Sailing conditions were ideal, so we set the spinnaker for the first time and increased our average speed by a knot or so – doesn’t sound much, though it can add up & make a real difference to the passage time.  That said, when you’re rolling along at 6-7kts with a genoa, a spinnaker adds a lot more power to the boat which translates to more rolling & yawing and more work to sail straight – it’s fun for a while and then the path of least resistance takes over and we resume cruising with the genoa. 

Andres & I usually take a turn about to cook a meal each day, which includes handmade pizza (Andres’ signature dish), tortillas, pasta, pumpkin risotto, dahl & fish; from sashimi to fish & chips to fish & rice to fish curry.  One beer or wine is usually enough unless its calm – so if you would like to cut down on alcohol, ocean sailing could be your thing. Lunch is usually leftovers or whatever is around, like cheese & tomato on toast.  We either forgot eggs this passage or they were hard to find in St Helena, so breakfast is a combination of fruit, pancakes with apple, toast or oats with raisins & honey.

Argentina continues to dominate Australia in chess and is now looking for a more competitive opponent.

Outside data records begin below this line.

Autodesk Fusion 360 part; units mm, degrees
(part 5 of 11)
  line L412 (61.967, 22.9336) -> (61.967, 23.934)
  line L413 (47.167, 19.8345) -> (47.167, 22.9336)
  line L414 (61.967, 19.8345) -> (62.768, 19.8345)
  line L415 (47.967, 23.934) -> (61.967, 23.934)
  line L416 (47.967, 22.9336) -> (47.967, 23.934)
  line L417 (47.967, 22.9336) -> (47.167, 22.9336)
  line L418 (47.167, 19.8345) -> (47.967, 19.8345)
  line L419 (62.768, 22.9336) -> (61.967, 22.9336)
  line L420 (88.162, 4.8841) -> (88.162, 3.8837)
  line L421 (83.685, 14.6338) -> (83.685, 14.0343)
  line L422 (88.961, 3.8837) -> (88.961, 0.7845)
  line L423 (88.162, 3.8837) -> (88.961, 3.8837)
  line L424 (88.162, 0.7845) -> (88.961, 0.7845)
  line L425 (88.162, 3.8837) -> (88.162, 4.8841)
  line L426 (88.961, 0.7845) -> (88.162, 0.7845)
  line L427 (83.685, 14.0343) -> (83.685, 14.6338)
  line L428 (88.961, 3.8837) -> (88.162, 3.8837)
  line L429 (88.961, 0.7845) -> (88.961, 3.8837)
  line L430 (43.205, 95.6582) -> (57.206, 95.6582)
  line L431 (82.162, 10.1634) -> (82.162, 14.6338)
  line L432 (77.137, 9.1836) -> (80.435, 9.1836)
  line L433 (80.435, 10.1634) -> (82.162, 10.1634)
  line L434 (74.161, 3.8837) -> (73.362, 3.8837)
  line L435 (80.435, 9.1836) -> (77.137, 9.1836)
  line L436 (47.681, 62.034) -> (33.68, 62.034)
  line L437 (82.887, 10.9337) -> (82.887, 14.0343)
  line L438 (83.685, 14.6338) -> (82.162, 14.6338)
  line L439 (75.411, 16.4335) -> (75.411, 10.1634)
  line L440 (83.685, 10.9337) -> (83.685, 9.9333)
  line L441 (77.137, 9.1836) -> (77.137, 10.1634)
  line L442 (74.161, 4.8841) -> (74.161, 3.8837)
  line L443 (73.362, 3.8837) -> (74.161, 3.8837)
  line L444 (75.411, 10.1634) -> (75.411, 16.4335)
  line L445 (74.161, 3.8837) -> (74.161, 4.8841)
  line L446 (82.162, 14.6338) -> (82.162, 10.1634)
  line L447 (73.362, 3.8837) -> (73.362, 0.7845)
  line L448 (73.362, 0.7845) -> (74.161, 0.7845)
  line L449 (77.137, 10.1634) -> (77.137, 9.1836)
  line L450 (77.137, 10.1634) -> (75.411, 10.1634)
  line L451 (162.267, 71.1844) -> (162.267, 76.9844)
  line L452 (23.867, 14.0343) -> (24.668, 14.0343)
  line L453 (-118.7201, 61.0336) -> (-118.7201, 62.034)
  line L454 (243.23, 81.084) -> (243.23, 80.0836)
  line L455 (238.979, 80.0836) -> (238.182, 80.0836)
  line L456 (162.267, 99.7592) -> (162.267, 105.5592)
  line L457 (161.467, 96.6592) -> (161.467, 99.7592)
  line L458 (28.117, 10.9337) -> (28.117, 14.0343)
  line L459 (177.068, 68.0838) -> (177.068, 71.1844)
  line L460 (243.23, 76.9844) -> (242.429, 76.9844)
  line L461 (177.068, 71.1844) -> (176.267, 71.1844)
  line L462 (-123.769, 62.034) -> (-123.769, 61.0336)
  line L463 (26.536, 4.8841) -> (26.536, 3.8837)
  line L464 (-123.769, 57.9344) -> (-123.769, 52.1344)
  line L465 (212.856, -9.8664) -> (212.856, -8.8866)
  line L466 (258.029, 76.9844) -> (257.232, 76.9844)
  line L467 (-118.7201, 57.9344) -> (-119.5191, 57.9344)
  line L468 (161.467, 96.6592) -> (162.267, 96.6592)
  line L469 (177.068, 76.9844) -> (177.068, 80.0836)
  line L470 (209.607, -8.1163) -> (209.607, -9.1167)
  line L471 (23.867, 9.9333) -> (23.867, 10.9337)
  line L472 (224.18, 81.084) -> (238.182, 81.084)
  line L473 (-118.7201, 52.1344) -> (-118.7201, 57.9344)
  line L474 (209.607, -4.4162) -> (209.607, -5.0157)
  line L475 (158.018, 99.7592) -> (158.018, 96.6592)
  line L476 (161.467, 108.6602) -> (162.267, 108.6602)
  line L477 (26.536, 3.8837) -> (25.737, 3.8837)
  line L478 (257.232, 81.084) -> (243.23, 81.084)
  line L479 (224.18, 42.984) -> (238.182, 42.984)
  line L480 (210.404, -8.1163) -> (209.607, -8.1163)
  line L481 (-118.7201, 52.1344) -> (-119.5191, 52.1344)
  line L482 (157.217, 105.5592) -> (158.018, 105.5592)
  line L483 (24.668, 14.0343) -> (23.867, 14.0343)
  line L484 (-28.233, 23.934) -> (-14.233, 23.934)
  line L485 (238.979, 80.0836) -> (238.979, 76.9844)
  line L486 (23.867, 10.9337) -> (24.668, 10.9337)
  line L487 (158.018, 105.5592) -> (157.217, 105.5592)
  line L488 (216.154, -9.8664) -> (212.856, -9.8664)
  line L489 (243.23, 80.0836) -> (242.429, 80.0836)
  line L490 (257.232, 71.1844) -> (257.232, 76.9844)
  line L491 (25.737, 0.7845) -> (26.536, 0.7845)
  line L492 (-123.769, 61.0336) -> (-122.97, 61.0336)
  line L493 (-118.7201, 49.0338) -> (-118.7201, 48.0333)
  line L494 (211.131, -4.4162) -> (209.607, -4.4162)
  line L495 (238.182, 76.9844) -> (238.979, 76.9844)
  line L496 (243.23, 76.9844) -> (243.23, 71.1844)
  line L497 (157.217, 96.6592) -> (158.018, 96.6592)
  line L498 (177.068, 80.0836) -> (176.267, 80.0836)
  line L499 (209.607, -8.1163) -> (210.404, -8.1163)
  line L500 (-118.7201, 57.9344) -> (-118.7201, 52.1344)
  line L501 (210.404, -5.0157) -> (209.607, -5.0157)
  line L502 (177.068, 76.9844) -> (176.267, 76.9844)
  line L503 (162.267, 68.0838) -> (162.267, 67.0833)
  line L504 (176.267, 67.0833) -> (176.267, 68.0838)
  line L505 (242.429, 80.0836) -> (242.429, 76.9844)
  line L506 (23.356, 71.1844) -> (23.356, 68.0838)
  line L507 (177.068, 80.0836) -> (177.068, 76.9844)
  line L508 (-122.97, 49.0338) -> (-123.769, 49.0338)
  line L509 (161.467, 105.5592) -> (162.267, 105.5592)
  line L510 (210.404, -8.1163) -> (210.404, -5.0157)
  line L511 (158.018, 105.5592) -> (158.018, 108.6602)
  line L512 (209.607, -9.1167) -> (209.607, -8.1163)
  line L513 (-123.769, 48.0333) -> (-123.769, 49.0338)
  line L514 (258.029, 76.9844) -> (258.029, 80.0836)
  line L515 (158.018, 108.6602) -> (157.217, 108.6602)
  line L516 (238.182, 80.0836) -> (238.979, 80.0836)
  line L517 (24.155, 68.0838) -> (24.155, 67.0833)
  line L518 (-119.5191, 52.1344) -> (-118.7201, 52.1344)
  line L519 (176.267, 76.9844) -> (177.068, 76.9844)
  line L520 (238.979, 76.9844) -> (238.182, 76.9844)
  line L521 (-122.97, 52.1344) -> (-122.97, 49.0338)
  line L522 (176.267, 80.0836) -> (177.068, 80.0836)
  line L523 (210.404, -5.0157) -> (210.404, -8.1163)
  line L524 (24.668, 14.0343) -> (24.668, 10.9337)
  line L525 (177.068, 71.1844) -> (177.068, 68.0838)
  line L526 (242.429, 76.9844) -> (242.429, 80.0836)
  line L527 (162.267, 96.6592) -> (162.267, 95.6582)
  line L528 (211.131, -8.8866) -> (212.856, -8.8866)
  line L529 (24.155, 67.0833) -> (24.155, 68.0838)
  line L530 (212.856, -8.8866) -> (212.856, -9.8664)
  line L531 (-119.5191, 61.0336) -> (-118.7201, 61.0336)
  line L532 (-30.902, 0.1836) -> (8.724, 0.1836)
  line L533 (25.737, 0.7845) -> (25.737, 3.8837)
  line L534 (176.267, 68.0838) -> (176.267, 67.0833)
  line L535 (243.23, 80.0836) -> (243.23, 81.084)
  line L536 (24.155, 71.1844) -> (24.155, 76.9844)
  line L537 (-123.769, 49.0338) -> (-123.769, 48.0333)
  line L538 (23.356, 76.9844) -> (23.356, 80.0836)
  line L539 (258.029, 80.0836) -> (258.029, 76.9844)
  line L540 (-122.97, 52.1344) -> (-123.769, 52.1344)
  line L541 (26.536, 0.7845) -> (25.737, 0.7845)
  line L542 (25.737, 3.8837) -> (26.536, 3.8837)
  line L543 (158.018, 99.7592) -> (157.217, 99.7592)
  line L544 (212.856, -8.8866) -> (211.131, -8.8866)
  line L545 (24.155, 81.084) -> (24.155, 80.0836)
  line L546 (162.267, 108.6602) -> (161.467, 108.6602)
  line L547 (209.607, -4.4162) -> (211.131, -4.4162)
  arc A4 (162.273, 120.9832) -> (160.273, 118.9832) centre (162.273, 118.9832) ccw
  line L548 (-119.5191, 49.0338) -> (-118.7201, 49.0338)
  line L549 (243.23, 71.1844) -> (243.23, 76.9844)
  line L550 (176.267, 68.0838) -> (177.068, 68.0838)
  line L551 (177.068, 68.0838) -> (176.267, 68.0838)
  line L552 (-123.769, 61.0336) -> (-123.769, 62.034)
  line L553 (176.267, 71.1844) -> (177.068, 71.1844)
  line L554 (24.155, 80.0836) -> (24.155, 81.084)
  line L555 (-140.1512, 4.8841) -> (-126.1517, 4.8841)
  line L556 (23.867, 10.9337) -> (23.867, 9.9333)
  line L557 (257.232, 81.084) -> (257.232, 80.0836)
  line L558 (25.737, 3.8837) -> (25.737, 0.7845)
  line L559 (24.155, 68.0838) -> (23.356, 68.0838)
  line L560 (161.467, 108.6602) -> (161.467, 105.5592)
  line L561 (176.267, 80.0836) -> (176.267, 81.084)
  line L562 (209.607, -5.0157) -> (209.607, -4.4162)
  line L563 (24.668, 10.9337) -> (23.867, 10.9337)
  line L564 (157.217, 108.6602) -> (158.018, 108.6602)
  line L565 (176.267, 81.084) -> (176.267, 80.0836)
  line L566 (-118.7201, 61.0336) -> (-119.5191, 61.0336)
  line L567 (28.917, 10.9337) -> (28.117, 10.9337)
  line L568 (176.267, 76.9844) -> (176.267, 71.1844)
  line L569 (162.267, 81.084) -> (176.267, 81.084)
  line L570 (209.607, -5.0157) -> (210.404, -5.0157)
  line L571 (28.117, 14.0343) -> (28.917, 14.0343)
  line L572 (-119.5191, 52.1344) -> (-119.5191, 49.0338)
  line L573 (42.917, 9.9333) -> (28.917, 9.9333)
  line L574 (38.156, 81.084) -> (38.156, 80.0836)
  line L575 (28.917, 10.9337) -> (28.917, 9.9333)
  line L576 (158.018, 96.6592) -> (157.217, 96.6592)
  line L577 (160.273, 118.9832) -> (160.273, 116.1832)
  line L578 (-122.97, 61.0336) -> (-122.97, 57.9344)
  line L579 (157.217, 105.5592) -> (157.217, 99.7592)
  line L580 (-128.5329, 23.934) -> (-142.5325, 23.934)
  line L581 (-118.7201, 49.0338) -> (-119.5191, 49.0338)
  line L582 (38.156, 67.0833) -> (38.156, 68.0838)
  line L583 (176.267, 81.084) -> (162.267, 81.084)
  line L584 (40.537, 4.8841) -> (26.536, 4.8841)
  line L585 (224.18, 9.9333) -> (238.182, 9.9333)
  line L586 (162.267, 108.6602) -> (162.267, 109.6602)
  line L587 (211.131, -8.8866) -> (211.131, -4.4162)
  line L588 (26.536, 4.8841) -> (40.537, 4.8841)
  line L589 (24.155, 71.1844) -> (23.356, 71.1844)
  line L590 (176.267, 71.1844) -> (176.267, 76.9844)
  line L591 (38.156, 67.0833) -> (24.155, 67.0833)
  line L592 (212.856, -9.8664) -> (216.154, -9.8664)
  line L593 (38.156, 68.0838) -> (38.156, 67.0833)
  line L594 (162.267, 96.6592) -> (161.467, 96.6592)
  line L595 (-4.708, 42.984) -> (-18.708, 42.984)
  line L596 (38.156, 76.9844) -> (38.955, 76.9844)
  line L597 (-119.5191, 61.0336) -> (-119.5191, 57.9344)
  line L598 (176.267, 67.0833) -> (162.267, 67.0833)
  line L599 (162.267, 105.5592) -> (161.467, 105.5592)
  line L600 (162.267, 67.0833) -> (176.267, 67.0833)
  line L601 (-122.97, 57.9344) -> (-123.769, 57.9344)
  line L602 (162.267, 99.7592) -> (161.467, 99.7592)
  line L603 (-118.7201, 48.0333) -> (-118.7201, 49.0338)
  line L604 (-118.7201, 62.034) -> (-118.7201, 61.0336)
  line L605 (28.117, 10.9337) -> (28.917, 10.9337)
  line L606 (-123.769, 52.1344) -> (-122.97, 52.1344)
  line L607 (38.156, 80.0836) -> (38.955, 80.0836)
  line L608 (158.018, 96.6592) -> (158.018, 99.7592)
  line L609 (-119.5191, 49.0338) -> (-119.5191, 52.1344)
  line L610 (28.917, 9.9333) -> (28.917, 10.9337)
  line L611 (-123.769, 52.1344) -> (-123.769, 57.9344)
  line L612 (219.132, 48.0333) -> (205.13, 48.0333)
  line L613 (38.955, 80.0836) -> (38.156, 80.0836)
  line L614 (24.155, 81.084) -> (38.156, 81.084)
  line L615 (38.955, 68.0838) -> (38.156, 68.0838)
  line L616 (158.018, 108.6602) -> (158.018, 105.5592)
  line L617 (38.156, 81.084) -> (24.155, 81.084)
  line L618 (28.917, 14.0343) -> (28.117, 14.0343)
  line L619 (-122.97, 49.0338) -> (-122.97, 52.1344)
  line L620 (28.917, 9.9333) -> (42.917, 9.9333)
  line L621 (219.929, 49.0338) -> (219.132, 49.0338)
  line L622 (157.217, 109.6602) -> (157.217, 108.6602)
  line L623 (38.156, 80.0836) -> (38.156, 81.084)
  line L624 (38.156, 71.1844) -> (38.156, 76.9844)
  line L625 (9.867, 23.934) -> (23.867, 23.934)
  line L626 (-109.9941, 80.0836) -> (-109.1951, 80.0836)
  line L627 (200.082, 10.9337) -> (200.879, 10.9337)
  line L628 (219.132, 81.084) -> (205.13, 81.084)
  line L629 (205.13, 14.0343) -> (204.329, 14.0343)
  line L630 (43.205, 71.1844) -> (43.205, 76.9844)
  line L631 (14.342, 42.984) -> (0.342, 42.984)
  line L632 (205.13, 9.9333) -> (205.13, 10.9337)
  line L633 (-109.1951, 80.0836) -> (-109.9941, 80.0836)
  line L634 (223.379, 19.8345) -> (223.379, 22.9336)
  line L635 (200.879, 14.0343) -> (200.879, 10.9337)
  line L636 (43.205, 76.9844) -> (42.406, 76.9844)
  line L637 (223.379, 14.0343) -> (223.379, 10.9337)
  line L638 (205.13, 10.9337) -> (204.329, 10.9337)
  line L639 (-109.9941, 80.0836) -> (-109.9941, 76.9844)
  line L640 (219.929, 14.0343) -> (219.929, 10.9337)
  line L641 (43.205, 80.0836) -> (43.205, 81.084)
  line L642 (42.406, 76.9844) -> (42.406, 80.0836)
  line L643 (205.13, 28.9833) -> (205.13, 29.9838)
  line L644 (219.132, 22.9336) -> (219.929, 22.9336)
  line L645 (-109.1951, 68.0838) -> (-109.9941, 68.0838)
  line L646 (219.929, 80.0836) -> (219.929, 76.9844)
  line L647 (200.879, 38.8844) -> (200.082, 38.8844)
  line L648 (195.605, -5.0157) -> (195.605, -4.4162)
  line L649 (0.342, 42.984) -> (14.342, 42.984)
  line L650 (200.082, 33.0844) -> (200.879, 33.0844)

Nice place for a scuba dive

At dawn on 28th December, after 11.5 days ( 6.4 kts average) with favourable trade winds, andres & I arrived at the Brazilian Island of Fernando de Noronha. By midday we had enjoyed a couple of Skol beers across from the port office  completed the arrival formalities with the Port Captain, Customs, and Police.  The vibe was laid back with the officials wearing shorts & thongs with police officers adding a gun holstered to their thighs to complete the look – kind of like Carnivale meets Dirty Harry. Lunch was washed down with a few more Skols overlooking the vista of the islands, bay and harbour.

Andres achieved his goal to sail across the Atlantic Ocean and is returning home to Argentina to spend some time with his family – after a month at sea, homesick is better than seasick!  Now I’m using sign language to arrange fuel, water & provisions and have a few days to enjoy the diving and surfing on offer, before making way to Trinidad & Tobago.

 

 

Comments

  1. Evan & Kelly

    Happy Ney Year Chis. You are really getting those miles ticked off. Two oceans down one to go. Wishing you fair winds and safe travels.

  2. Bernard

    Another port
    Smooth sailing Chris.

  3. Murray Sebbes

    Well done Chris, where to from T and T, canal or cape?

    1. Canal – the cape is out of my league + not set up for sea ice. how crazy do you think I am?

      1. Murray Sebbes

        Wrong way round the cape would be utter insanity ! From what I have read the paper work /palaver around a transit through the canal is also quite legendary. Enjoy your time with your girls.

  4. Murray Sebbes

    Wrong way round the cape would be utter insanity ! From what I have read the paper work /palaver around a transit through the canal is also quite legendary. Enjoy your time with your girls.